◆ What the exercise asks
The material below contains a line with "#205=ADVANCED_FACE('F177',(#204),#193,.F.);" and a line with "#221=FACE_BOUND('',#220,.T.);". Copy exactly those two lines and all lines between them.

--------------------------------------------------

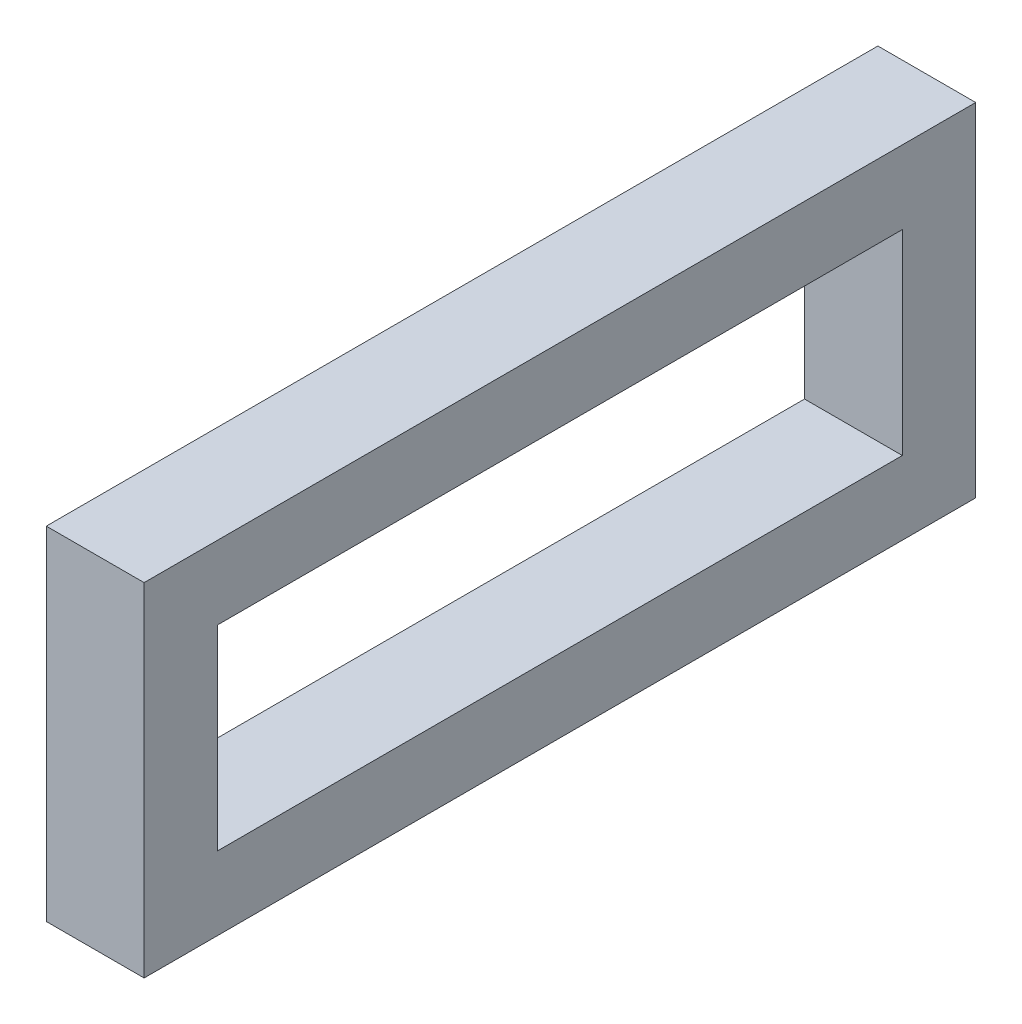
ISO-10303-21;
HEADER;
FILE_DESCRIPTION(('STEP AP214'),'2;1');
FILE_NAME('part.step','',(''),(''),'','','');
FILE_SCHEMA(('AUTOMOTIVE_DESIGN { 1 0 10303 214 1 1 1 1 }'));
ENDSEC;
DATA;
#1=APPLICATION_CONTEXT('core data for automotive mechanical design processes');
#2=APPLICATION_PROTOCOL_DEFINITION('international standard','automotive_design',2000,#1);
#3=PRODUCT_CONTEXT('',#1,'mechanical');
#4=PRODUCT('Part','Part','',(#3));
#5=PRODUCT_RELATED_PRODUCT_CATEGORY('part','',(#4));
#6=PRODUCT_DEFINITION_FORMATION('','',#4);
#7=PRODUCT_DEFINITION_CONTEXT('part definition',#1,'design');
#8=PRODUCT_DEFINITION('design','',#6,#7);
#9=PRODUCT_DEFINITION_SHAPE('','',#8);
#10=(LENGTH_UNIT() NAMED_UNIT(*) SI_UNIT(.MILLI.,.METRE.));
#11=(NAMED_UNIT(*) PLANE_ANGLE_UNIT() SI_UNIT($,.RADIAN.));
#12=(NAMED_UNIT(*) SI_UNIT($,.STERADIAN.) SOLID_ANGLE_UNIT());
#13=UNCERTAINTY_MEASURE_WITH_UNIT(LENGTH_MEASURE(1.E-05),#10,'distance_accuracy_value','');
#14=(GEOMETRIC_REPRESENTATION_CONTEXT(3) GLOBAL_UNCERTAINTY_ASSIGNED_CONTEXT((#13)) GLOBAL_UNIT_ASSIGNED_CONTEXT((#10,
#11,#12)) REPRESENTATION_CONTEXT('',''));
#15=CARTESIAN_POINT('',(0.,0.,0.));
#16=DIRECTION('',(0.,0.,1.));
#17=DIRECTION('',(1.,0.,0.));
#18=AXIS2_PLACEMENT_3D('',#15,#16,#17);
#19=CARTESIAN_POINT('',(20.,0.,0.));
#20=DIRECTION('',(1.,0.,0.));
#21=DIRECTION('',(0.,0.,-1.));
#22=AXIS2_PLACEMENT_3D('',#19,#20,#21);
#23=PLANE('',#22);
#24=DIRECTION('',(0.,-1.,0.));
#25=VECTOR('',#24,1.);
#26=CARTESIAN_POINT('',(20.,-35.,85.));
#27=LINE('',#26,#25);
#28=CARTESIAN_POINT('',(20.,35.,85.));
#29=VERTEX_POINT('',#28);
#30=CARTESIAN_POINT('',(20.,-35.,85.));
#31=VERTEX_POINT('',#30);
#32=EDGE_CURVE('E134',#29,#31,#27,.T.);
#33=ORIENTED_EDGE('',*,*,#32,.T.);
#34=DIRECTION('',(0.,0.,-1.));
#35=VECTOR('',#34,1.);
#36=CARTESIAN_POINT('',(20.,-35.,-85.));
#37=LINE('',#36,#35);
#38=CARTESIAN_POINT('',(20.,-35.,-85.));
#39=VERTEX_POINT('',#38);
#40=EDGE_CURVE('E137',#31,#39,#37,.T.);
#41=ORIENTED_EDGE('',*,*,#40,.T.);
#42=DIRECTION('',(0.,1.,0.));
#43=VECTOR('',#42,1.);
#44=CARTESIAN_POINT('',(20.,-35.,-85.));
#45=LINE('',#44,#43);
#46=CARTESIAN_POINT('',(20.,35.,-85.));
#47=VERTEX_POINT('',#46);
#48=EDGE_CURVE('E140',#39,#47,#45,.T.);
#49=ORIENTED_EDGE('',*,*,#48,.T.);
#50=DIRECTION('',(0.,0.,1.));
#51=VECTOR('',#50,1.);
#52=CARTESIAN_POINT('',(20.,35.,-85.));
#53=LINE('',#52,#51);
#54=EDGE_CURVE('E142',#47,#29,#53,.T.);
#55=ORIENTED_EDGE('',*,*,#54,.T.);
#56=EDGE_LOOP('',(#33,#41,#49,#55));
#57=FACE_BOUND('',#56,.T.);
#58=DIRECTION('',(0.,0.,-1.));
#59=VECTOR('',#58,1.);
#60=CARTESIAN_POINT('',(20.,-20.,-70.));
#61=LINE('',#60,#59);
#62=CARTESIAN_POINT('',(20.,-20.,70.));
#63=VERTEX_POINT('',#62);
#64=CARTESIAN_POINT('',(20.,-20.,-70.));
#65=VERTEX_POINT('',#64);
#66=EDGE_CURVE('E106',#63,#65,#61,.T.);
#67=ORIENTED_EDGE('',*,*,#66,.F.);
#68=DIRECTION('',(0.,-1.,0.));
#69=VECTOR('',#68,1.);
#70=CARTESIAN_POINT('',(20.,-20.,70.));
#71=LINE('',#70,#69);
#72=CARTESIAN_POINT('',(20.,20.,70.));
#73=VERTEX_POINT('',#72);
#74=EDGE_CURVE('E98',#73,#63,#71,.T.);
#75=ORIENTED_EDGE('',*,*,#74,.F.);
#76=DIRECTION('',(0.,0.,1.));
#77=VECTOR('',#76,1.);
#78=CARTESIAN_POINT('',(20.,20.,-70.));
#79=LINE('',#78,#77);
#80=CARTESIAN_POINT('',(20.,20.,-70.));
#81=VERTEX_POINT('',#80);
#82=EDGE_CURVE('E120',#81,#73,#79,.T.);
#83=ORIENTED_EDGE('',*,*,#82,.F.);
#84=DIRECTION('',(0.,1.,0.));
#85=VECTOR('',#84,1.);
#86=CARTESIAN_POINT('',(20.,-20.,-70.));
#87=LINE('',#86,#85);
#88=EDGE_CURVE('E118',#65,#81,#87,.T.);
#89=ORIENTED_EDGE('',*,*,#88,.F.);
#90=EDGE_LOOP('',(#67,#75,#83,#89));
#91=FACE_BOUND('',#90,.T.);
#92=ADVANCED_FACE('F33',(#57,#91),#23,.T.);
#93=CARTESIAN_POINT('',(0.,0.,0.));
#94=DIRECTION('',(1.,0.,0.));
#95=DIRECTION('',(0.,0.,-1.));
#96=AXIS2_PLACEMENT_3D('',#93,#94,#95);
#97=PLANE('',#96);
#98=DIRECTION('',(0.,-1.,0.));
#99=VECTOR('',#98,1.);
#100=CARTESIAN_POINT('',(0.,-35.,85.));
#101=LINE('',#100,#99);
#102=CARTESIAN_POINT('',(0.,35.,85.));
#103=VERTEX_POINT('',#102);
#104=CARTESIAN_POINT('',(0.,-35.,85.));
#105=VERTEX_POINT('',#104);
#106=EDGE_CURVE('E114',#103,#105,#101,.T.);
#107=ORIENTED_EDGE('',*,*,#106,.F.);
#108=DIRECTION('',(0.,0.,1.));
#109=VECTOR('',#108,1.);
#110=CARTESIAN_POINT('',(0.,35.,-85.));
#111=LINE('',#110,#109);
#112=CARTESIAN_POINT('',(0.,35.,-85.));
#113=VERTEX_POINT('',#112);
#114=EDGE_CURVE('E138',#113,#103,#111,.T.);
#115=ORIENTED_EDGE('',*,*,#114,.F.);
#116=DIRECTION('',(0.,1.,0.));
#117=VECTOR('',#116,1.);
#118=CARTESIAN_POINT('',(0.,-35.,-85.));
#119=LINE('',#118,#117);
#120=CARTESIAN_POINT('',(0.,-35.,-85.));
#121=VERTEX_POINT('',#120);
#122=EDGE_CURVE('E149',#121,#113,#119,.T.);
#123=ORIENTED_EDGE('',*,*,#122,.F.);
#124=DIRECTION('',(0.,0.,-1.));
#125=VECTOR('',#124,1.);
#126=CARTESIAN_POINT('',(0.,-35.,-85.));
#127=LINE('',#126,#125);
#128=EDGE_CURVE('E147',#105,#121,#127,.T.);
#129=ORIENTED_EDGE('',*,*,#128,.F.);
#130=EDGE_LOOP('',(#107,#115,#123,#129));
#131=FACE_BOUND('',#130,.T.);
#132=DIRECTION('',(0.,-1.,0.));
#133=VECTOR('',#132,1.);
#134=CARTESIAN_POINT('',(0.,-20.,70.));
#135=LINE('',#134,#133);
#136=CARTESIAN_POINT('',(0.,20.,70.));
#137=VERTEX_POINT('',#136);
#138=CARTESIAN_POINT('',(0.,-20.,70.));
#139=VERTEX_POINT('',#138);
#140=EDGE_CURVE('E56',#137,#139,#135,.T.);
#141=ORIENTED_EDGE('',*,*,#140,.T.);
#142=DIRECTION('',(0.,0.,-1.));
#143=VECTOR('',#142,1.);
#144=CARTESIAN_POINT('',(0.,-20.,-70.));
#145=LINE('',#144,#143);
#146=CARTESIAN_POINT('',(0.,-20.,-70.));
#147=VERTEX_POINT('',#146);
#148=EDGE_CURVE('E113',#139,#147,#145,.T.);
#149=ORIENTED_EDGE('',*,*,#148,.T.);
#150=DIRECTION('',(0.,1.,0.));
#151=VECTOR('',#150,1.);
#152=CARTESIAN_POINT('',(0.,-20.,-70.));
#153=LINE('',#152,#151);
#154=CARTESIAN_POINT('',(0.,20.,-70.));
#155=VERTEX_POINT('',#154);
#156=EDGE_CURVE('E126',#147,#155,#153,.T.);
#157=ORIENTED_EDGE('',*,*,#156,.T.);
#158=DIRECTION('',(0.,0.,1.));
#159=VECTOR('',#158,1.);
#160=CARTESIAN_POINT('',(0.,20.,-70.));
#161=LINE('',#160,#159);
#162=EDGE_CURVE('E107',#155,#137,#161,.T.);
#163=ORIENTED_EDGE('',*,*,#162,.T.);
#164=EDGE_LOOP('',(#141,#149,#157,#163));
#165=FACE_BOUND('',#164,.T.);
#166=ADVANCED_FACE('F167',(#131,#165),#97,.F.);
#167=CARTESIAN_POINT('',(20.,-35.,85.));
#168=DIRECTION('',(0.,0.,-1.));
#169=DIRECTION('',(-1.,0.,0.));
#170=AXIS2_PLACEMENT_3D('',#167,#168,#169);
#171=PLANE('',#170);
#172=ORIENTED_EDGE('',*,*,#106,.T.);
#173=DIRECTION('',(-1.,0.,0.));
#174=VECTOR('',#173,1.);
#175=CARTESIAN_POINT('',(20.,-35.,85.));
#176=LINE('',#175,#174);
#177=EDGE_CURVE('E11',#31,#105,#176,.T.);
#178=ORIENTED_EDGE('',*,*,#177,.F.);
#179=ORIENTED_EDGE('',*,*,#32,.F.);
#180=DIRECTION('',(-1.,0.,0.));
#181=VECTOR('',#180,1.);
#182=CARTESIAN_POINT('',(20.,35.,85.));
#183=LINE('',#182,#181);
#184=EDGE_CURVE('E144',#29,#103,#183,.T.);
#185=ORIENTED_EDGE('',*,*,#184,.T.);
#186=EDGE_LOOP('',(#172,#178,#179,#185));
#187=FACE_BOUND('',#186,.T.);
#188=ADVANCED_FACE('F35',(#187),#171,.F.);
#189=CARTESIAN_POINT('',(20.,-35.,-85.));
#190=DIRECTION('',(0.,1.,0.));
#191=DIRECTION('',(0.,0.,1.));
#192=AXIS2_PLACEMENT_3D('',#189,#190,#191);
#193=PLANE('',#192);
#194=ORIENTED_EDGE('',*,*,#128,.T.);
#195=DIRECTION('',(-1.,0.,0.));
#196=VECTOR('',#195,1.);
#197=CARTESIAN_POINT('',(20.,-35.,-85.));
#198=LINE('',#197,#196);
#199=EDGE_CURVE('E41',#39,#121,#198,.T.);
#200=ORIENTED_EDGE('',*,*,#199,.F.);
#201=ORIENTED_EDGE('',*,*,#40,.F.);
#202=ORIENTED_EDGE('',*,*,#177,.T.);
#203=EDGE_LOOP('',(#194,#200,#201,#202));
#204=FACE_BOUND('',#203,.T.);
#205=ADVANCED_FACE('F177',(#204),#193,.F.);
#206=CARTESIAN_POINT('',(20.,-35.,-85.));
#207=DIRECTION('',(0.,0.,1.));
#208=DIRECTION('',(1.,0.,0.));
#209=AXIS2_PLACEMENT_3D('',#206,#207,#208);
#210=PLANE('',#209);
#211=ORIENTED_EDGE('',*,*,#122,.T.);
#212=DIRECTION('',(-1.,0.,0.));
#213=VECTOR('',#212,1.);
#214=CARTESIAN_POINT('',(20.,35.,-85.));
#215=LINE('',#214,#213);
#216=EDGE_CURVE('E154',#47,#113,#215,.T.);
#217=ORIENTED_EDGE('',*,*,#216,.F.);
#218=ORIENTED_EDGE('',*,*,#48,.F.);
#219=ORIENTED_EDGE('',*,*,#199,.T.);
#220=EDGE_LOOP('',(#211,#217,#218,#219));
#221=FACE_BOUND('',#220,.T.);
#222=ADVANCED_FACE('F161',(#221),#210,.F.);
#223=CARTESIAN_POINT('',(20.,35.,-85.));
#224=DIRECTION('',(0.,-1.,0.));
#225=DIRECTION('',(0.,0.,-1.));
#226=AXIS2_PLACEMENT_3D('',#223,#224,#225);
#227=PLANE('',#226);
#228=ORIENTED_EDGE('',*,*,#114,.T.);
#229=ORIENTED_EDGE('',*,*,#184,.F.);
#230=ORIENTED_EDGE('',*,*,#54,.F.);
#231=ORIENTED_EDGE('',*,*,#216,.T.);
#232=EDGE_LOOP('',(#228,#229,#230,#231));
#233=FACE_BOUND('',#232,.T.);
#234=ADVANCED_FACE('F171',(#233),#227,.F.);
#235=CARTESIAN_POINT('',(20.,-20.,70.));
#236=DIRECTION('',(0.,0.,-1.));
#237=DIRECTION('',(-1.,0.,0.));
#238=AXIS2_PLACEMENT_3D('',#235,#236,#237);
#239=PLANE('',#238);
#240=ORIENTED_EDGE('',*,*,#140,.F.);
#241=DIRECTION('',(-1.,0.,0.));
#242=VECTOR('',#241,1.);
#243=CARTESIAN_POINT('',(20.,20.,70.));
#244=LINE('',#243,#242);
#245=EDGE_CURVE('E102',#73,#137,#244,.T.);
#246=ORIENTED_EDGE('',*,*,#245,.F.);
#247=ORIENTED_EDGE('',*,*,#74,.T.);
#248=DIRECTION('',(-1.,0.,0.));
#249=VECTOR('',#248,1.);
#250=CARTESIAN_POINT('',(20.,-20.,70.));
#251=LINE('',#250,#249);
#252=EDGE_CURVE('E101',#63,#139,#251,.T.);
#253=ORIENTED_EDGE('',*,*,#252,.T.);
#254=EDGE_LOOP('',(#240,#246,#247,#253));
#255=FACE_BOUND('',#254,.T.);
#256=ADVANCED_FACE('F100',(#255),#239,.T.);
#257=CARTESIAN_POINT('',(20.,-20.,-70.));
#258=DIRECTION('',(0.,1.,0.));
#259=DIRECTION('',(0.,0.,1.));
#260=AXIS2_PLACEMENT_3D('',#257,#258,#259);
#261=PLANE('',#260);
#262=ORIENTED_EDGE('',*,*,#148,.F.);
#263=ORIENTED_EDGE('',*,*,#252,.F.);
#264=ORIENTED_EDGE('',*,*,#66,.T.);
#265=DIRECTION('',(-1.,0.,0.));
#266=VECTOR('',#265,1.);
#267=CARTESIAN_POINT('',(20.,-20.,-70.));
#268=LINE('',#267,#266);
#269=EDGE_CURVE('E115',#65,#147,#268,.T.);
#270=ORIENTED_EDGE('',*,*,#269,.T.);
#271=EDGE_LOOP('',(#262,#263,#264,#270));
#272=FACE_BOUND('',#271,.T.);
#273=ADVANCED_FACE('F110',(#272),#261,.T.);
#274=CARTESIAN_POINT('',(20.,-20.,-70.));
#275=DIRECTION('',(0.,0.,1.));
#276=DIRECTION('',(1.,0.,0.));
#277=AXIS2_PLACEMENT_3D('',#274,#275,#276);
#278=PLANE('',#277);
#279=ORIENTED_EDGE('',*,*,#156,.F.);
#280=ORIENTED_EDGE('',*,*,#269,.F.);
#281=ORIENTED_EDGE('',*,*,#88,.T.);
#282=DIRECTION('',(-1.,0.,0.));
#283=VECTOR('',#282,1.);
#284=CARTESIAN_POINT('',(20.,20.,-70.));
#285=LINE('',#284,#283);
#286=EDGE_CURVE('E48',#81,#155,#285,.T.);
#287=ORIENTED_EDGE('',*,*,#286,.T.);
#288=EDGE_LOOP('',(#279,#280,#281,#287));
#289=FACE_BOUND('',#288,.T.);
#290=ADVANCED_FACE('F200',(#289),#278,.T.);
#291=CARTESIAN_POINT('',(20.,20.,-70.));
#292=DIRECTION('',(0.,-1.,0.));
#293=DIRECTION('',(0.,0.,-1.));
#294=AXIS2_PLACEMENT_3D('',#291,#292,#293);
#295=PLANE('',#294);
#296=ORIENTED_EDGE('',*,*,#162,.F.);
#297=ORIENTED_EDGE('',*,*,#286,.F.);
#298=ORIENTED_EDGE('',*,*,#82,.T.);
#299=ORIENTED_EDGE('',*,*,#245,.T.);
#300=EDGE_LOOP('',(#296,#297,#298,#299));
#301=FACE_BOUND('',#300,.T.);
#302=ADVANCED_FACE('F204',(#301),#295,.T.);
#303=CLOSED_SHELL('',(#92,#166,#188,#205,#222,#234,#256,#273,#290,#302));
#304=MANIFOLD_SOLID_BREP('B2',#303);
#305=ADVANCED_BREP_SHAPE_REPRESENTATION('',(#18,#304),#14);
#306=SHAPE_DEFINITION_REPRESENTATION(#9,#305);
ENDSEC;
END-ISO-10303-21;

--------------------------------------------------

◆ Your response
#205=ADVANCED_FACE('F177',(#204),#193,.F.);
#206=CARTESIAN_POINT('',(20.,-35.,-85.));
#207=DIRECTION('',(0.,0.,1.));
#208=DIRECTION('',(1.,0.,0.));
#209=AXIS2_PLACEMENT_3D('',#206,#207,#208);
#210=PLANE('',#209);
#211=ORIENTED_EDGE('',*,*,#122,.T.);
#212=DIRECTION('',(-1.,0.,0.));
#213=VECTOR('',#212,1.);
#214=CARTESIAN_POINT('',(20.,35.,-85.));
#215=LINE('',#214,#213);
#216=EDGE_CURVE('E154',#47,#113,#215,.T.);
#217=ORIENTED_EDGE('',*,*,#216,.F.);
#218=ORIENTED_EDGE('',*,*,#48,.F.);
#219=ORIENTED_EDGE('',*,*,#199,.T.);
#220=EDGE_LOOP('',(#211,#217,#218,#219));
#221=FACE_BOUND('',#220,.T.);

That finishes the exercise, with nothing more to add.